Range’s position peaked at 100,000 acres and produced 120 MMcf equivalent per day by 2010. The position was sold to Legacy for $900 million, which Range has deployed in its other shale plays, just as it has deployed its expertise in shale production. The reasons for selling, says Whitley, are no different than for other firms divesting positions: a funding gap.

“Our Barnett position was good, marketable assets, derisked in the core area,” says Whitley. “We had gone as far as we could go with them and we had that big kahuna up the road in the Marcellus. We replaced all the lost production from that sale by the end of the same year.”

While he does not have a vested interest in the future of the Barnett at the moment, Whitley does have a sentimental and a visual interest. “I can look out the window and see Barnett rigs,” he notes. “I see a long, broad middle age for the play. The core area is only about 10% of the basin, which in total covers 3 million acres. And there is production up and down that whole area. There is a significant liquids window and plenty of gas processing on the ground.”

His colleagues share that optimism. “The Barnett has been predicted to die several times,” says Carrizo’s Johnson. “Look at the rig count, down something like 70% from its peak. But the basin is producing 5 Bcf per day. There are some skeptics who say the shale plays are not going to last, but the Barnett has already proven that wrong. We are confident in the play and in the recovery of gas prices.”
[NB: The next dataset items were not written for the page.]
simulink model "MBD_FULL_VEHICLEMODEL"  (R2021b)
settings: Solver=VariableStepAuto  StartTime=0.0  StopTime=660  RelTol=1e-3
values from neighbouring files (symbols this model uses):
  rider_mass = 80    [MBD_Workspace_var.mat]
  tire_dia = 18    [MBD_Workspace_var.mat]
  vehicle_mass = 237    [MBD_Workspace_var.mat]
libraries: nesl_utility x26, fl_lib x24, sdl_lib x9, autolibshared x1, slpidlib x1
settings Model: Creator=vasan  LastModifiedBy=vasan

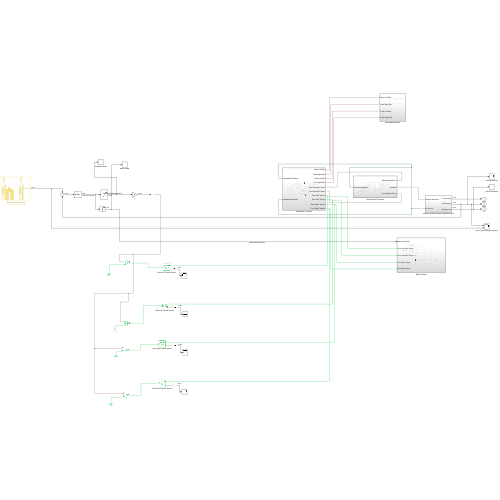
[thumbnail: Simulink's stored preview of the top-level diagram]
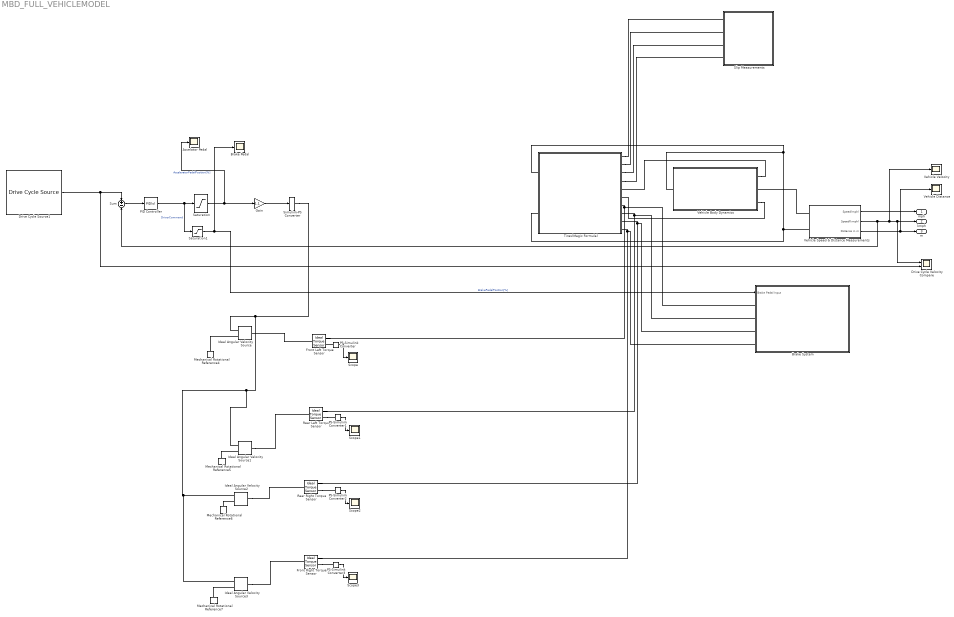
== system MBD_FULL_VEHICLEMODEL ==
  Accelator Pedal : Scope
  Brake Pedal : Scope
  Brake System : Subsystem
  Drive Cycle Source1 : autolibshared/Drive Cycle Source  cycleVar=FTP75  fileVar=cycleFTP75.mat  tfinal="2474  seconds"  cycleRepeat=off  outAccPort=off  outGearPort=off  gearList=No gear data  t_wot1=5  xdot_woto=0  xdot_wot1=30  t_wot2=20  xdot_wot2=0  t_wotend=30  srcUnit=m/s  outUnit=m/s  srcAccUnit=m/s/s  outAccUnit=m/s^2  dt=0  aMode=1  faultOption=off  velBnd=2  velBndUnit=mph  inUnit=m/s  timeBnd=1  failOption=off  stopSim=off  maxFaultCnt=10  maxFaultTime=2  maxTotFaultTime=15  traceOption=off  dtTrace=1  traceWindow=10  lastDCname=FTP75  lastOutUnit=mph  lastDT=0  lastTB=1  lastSB=2  forceCalcBound=off
      settings: SourceProductBaseCode=PW,DR,MT,UV,VE
  Drive Cycle Velocity Compare : Scope  NumInputPorts=2
  Front Left Torque Sensor : fl_lib/Mechanical/Mechanical Sensors/Ideal Torque Sensor
  Front Right Torque Sensor : fl_lib/Mechanical/Mechanical Sensors/Ideal Torque Sensor
  Gain : Gain  Gain=1.1
  Ideal Angular Velocity Source{,1..3} (4 alike) : fl_lib/Mechanical/Mechanical Sources/Ideal Angular Velocity Source
  Mechanical Rotational Reference{4..7} (4 alike) : fl_lib/Mechanical/Rotational Elements/Mechanical Rotational Reference
  PID Controller : slpidlib/PID Controller  Controller=PID  Form=Parallel  TimeDomain=Continuous-time  UseExternalTs=off  SampleTime=0.1  IntegratorMethod=Forward Euler  FilterMethod=Forward Euler  ControllerParametersSource=internal  P=7500  I=1  D=0  UseFilter=on  N=156169.602391718  TunerSelectOption=Transfer Function Based (PID Tuner App)  InitialConditionSource=internal  InitialConditionForIntegrator=0  InitialConditionForFilter=0  DifferentiatorICPrevScaledInput=0  ExternalReset=none  TrackingMode=off  Kt=1  LimitOutput=off  SatLimitsSource=internal  UpperSaturationLimit=inf  LowerSaturationLimit=-inf  LinearizeAsGain=on  AntiWindupMode=none  Kb=1  POutMin=[]  POutMax=[]  IOutMin=[]  IOutMax=[]  DOutMin=[]  DOutMax=[]  NOutMin=[]  NOutMax=[]  SumOutMin=[]  SumOutMax=[]  SaturationOutMin=[]  SaturationOutMax=[]  PParamMin=[]  PParamMax=[]  IParamMin=[]  IParamMax=[]  DParamMin=[]  DParamMax=[]  NParamMin=[]  NParamMax=[]  KbParamMin=[]  KbParamMax=[]  KtParamMin=[]  KtParamMax=[]  KbOutMin=[]  KbOutMax=[]  KtOutMin=[]  KtOutMax=[]  IntegratorOutMin=[]  IntegratorOutMax=[]  FilterOutMin=[]  FilterOutMax=[]  SumI1OutMin=[]  SumI1OutMax=[]  SumI2OutMin=[]  SumI2OutMax=[]  SumI3OutMin=[]  SumI3OutMax=[]  SumI4OutMin=[]  SumI4OutMax=[]  SumDOutMin=[]  SumDOutMax=[]  DifferentiatorOutMin=[]  DifferentiatorOutMax=[]  FilterDiffOutCoefMin=[]  FilterDiffOutCoefMax=[]  ReciprocalOutMin=[]  ReciprocalOutMax=[]  SumDenOutMin=[]  SumDenOutMax=[]  SumNumOutMin=[]  SumNumOutMax=[]  DivideOutMin=[]  DivideOutMax=[]  UdiffTsProdOutMin=[]  UdiffTsProdOutMax=[]  NTsProdOutMin=[]  NTsProdOutMax=[]  UintegralTsProdOutMin=[]  UintegralTsProdOutMax=[]  UngainTsProdOutMin=[]  UngainTsProdOutMax=[]  IntegratorContinuousStateAttributes=''  IntegratorStateMustResolveToSignalObject=off  IntegratorRTWStateStorageClass=Auto  FilterContinuousStateAttributes=''  FilterStateMustResolveToSignalObject=off  FilterRTWStateStorageClass=Auto  ParallelPVariant=InternalParameters  IdealPVariant=Disabled  IVariant=InternalParameters  DVariant=InternalParameters  IntegratorVariant=Continuous  SatVariant=Disabled  AWVariant=Passthrough  PCopyVariant=Disabled  TRVariant=Disabled  FdbkBlocksVariant=Forward  IdealPFdbkVariant=Disabled  SatFdbkVariant=Disabled  DerivativeFilterVariant=ContFilter  NVariant=InternalParameters  NCopyVariant=Disabled  FilterICVariant=InternalICsFilter  IntegratorICVariant=InternalICs  ExternalResetVariant=Disabled  TRSumVariant=Passthrough  SumFdbkVariant=Disabled  SumVariant=Sum_PID  TsampFilterVariant=InternalTs  TsampNgainVariant=Passthrough  TsampIntegralVariant=Passthrough  ExternalSaturationOutDataTypeStr=Inherit: Same as second input
  PS-Simulink Converter{,1..3} (4 alike) : nesl_utility/PS-Simulink Converter  PhysicalDomain=network_engine_domain  SubClassName=ps_output  LeftPortType=input  RightPortType=output  PseudoPeriodic=off  Frequencies=[]  Unit=N*m  AffineConversion=off
      settings: SourceProductBaseCode=PW,SS
  Rear Left Torque Sensor : fl_lib/Mechanical/Mechanical Sensors/Ideal Torque Sensor
  Rear Right Torque Sensor : fl_lib/Mechanical/Mechanical Sensors/Ideal Torque Sensor
  Saturation : Saturate  UpperLimit=100  LowerLimit=0  ZeroCross=off
  Saturation1 : Saturate  UpperLimit=100  LowerLimit=0  ZeroCross=off
  Scope{,1..3} (4 alike) : Scope
  Simulink-PS Converter : nesl_utility/Simulink-PS Converter  PhysicalDomain=network_engine_domain  SubClassName=ps_input  LeftPortType=input  RightPortType=output  PseudoPeriodic=off  Frequencies=[]  NoiseDistribution=none  NoiseParameters=[]  Unit=rad/s  AffineConversion=off  FilteringAndDerivatives=filter  SimscapeFilterOrder=1  InputFilterTimeConstant=0.001  UdotUserProvided=0
      settings: SourceProductBaseCode=PW,SS
  Slip Measurements : Subsystem
  Sum : Sum  Inputs=+-
  Tires(Magic Formula) : Subsystem
  Vehicle Body Dynamics : Subsystem
  Vehicle Distance : Scope
  Vehicle Speed & Distance Measurements : Subsystem
  Vehicle Velocity : Scope
  mph : Outport  VectorParamsAs1DForOutWhenUnconnected=off
  kmph : Outport  Port=2  VectorParamsAs1DForOutWhenUnconnected=off
  m : Outport  Port=3  VectorParamsAs1DForOutWhenUnconnected=off
  wires:
  Vehicle Speed & Distance Measurements/1(Speed(mph)) -> mph/1
  Vehicle Speed & Distance Measurements/2(Speed(kmph)) -> Sum/2, Drive Cycle Velocity Compare/1, kmph/1, Vehicle Velocity/1
  Vehicle Speed & Distance Measurements/3(Distance in m) -> m/1, Vehicle Distance/1
  Drive Cycle Source1/1 -> Drive Cycle Velocity Compare/2, Sum/1
  Sum/1 -> PID Controller/1
  Saturation1/1 -> Brake Pedal/1, Brake System/1(Brake Pedal Input)  "BrakePedalPosition[%]"
  Saturation/1 -> Accelator Pedal/1, Gain/1  "AcceleratorPedalPosition[%]"
  PID Controller/1 -> Saturation1/1, Saturation/1  "DriverCommand"
  PS-Simulink Converter/1 -> Scope/1
  PS-Simulink Converter1/1 -> Scope1/1
  PS-Simulink Converter2/1 -> Scope2/1
  PS-Simulink Converter3/1 -> Scope3/1
  Gain/1 -> Simulink-PS Converter/1
  connections:
  Vehicle Speed & Distance Measurements/LConn2 -- Tires(Magic Formula)/LConn1 -- Vehicle Body Dynamics/LConn1 -- Tires(Magic Formula)/LConn2
  Tires(Magic Formula)/RConn1 -- Slip Measurements/LConn1
  Tires(Magic Formula)/RConn2 -- Slip Measurements/LConn2
  Tires(Magic Formula)/RConn3 -- Slip Measurements/LConn3
  Tires(Magic Formula)/RConn4 -- Slip Measurements/LConn4
  Vehicle Body Dynamics/RConn1 -- Tires(Magic Formula)/RConn5
  Vehicle Speed & Distance Measurements/LConn1 -- Vehicle Body Dynamics/RConn2
  Vehicle Body Dynamics/RConn3 -- Tires(Magic Formula)/RConn6
  Brake System/LConn1 -- Front Left Torque Sensor/RConn1 -- Tires(Magic Formula)/RConn7
  Brake System/LConn2 -- Rear Left Torque Sensor/RConn1 -- Tires(Magic Formula)/RConn8
  Brake System/LConn3 -- Rear Right Torque Sensor/RConn1 -- Tires(Magic Formula)/RConn9
  Brake System/LConn4 -- Front Right Torque Sensor/RConn1 -- Tires(Magic Formula)/RConn10
  Simulink-PS Converter/RConn1 -- Ideal Angular Velocity Source/RConn1 -- Ideal Angular Velocity Source3/RConn1 -- Ideal Angular Velocity Source2/RConn1 -- Ideal Angular Velocity Source1/RConn1
  Ideal Angular Velocity Source/LConn1 -- Front Left Torque Sensor/LConn1
  Ideal Angular Velocity Source1/LConn1 -- Rear Left Torque Sensor/LConn1
  Ideal Angular Velocity Source2/LConn1 -- Rear Right Torque Sensor/LConn1
  Ideal Angular Velocity Source3/LConn1 -- Front Right Torque Sensor/LConn1
  PS-Simulink Converter/LConn1 -- Front Left Torque Sensor/RConn2
  Rear Left Torque Sensor/RConn2 -- PS-Simulink Converter1/LConn1
  Rear Right Torque Sensor/RConn2 -- PS-Simulink Converter2/LConn1
  Front Right Torque Sensor/RConn2 -- PS-Simulink Converter3/LConn1
  Mechanical Rotational Reference4/LConn1 -- Ideal Angular Velocity Source/RConn2
  Mechanical Rotational Reference5/LConn1 -- Ideal Angular Velocity Source1/RConn2
  Mechanical Rotational Reference6/LConn1 -- Ideal Angular Velocity Source2/RConn2
  Mechanical Rotational Reference7/LConn1 -- Ideal Angular Velocity Source3/RConn2

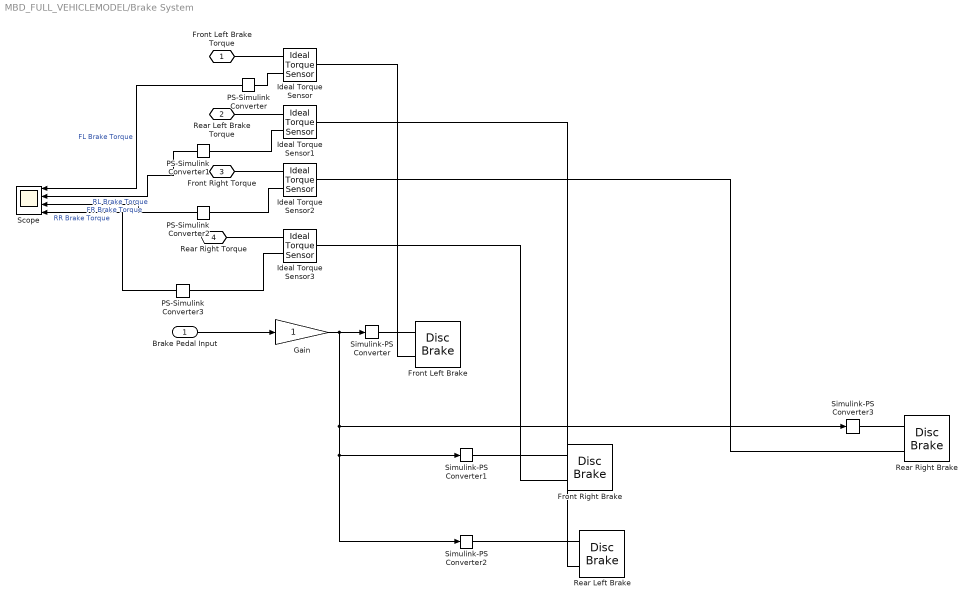
== system MBD_FULL_VEHICLEMODEL/Brake System ==
  Brake Pedal Input : Inport
  Front Left Brake : sdl_lib/Brakes & Detents/Rotational/Disc Brake  r_mean=150 mm  bore=10 mm  n_pads=2  thermal_port=simscape.enum.thermaleffects.omit  mu_static=0.9  mu_coulomb=0.7  temperature_TLU=[280, 300, 320] K  mu_static_TLU=[.9, .8, .7]  mu_coulomb_TLU=[.8, .7, .6]  brkwy_vel=0.1 rad/s  visc_coef=0 N*m*s/rad  enable_faults=simscape.enum.onoff.off  faulted_pressure=0 bar  external_fault=simscape.enum.onoff.off  temporal_fault=simscape.enum.onoff.off  fault_time=5 s  report_fault=simscape.enum.assert.action.none  thermal_mass=50 kJ/K  temperature_specify=off  temperature_priority=High  temperature=300 K  temperature_nominal_specify=off  temperature_nominal_unit=K  temperature_nominal_value=1
      settings: SourceProductBaseCode=LD
  Front Right Brake : sdl_lib/Brakes & Detents/Rotational/Disc Brake  r_mean=150 mm  bore=10 mm  n_pads=2  thermal_port=simscape.enum.thermaleffects.omit  mu_static=0.9  mu_coulomb=0.7  temperature_TLU=[280, 300, 320] K  mu_static_TLU=[.9, .8, .7]  mu_coulomb_TLU=[.8, .7, .6]  brkwy_vel=0.1 rad/s  visc_coef=0 N*m*s/rad  enable_faults=simscape.enum.onoff.off  faulted_pressure=0 bar  external_fault=simscape.enum.onoff.off  temporal_fault=simscape.enum.onoff.off  fault_time=5 s  report_fault=simscape.enum.assert.action.none  thermal_mass=50 kJ/K  temperature_specify=off  temperature_priority=High  temperature=300 K  temperature_nominal_specify=off  temperature_nominal_unit=K  temperature_nominal_value=1
      settings: SourceProductBaseCode=LD
  Gain : Gain
  Ideal Torque Sensor{,1..3} (4 alike) : fl_lib/Mechanical/Mechanical Sensors/Ideal Torque Sensor
  PS-Simulink Converter{,1..3} (4 alike) : nesl_utility/PS-Simulink Converter  PhysicalDomain=network_engine_domain  SubClassName=ps_output  LeftPortType=input  RightPortType=output  PseudoPeriodic=off  Frequencies=[]  Unit=inherit  AffineConversion=off
      settings: SourceProductBaseCode=PW,SS
  Rear Left Brake : sdl_lib/Brakes & Detents/Rotational/Disc Brake  r_mean=150 mm  bore=10 mm  n_pads=2  thermal_port=simscape.enum.thermaleffects.omit  mu_static=0.9  mu_coulomb=0.7  temperature_TLU=[280, 300, 320] K  mu_static_TLU=[.9, .8, .7]  mu_coulomb_TLU=[.8, .7, .6]  brkwy_vel=0.1 rad/s  visc_coef=0 N*m*s/rad  enable_faults=simscape.enum.onoff.off  faulted_pressure=0 bar  external_fault=simscape.enum.onoff.off  temporal_fault=simscape.enum.onoff.off  fault_time=5 s  report_fault=simscape.enum.assert.action.none  thermal_mass=50 kJ/K  temperature_specify=off  temperature_priority=High  temperature=300 K  temperature_nominal_specify=off  temperature_nominal_unit=K  temperature_nominal_value=1
      settings: SourceProductBaseCode=LD
  Rear Right Brake : sdl_lib/Brakes & Detents/Rotational/Disc Brake  r_mean=150 mm  bore=10 mm  n_pads=2  thermal_port=simscape.enum.thermaleffects.omit  mu_static=0.9  mu_coulomb=0.7  temperature_TLU=[280, 300, 320] K  mu_static_TLU=[.9, .8, .7]  mu_coulomb_TLU=[.8, .7, .6]  brkwy_vel=0.1 rad/s  visc_coef=0 N*m*s/rad  enable_faults=simscape.enum.onoff.off  faulted_pressure=0 bar  external_fault=simscape.enum.onoff.off  temporal_fault=simscape.enum.onoff.off  fault_time=5 s  report_fault=simscape.enum.assert.action.none  thermal_mass=50 kJ/K  temperature_specify=off  temperature_priority=High  temperature=300 K  temperature_nominal_specify=off  temperature_nominal_unit=K  temperature_nominal_value=1
      settings: SourceProductBaseCode=LD
  Scope : Scope  NumInputPorts=4
  Simulink-PS Converter{,1..3} (4 alike) : nesl_utility/Simulink-PS Converter  PhysicalDomain=network_engine_domain  SubClassName=ps_input  LeftPortType=input  RightPortType=output  PseudoPeriodic=off  Frequencies=[]  NoiseDistribution=none  NoiseParameters=[]  Unit=1  AffineConversion=off  FilteringAndDerivatives=provide  SimscapeFilterOrder=1  InputFilterTimeConstant=0.001  UdotUserProvided=0
      settings: SourceProductBaseCode=PW,SS
  Front Left Brake Torque : PMIOPort  Side=Left
  Rear Left Brake Torque : PMIOPort  Port=2  Side=Left
  Front Right Torque : PMIOPort  Port=3  Side=Left
  Rear Right Torque : PMIOPort  Port=4  Side=Left
  wires:
  Gain/1 -> Simulink-PS Converter3/1, Simulink-PS Converter2/1, Simulink-PS Converter1/1, Simulink-PS Converter/1
  Brake Pedal Input/1 -> Gain/1
  PS-Simulink Converter1/1 -> Scope/2  "RL Brake Torque"
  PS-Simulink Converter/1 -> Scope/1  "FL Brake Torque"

McDaniel, at EnerVest, concurs. “There is so much gas in place, 120 Bcf or more, per section. Mitchell pioneered the fracing, and Devon did a lot of work with horizontals, but we are still experimenting with fracs and completion techniques.

“Even with all of that, even with the downspacing, we are still seeing projected recovery factors of just 40%. That means that more than half the gas is still in place. What amazes me is how quickly our industry is evolving. It has taken 30 years in the Barnett. Look how fast people are moving now in the Marcellus and the Utica.”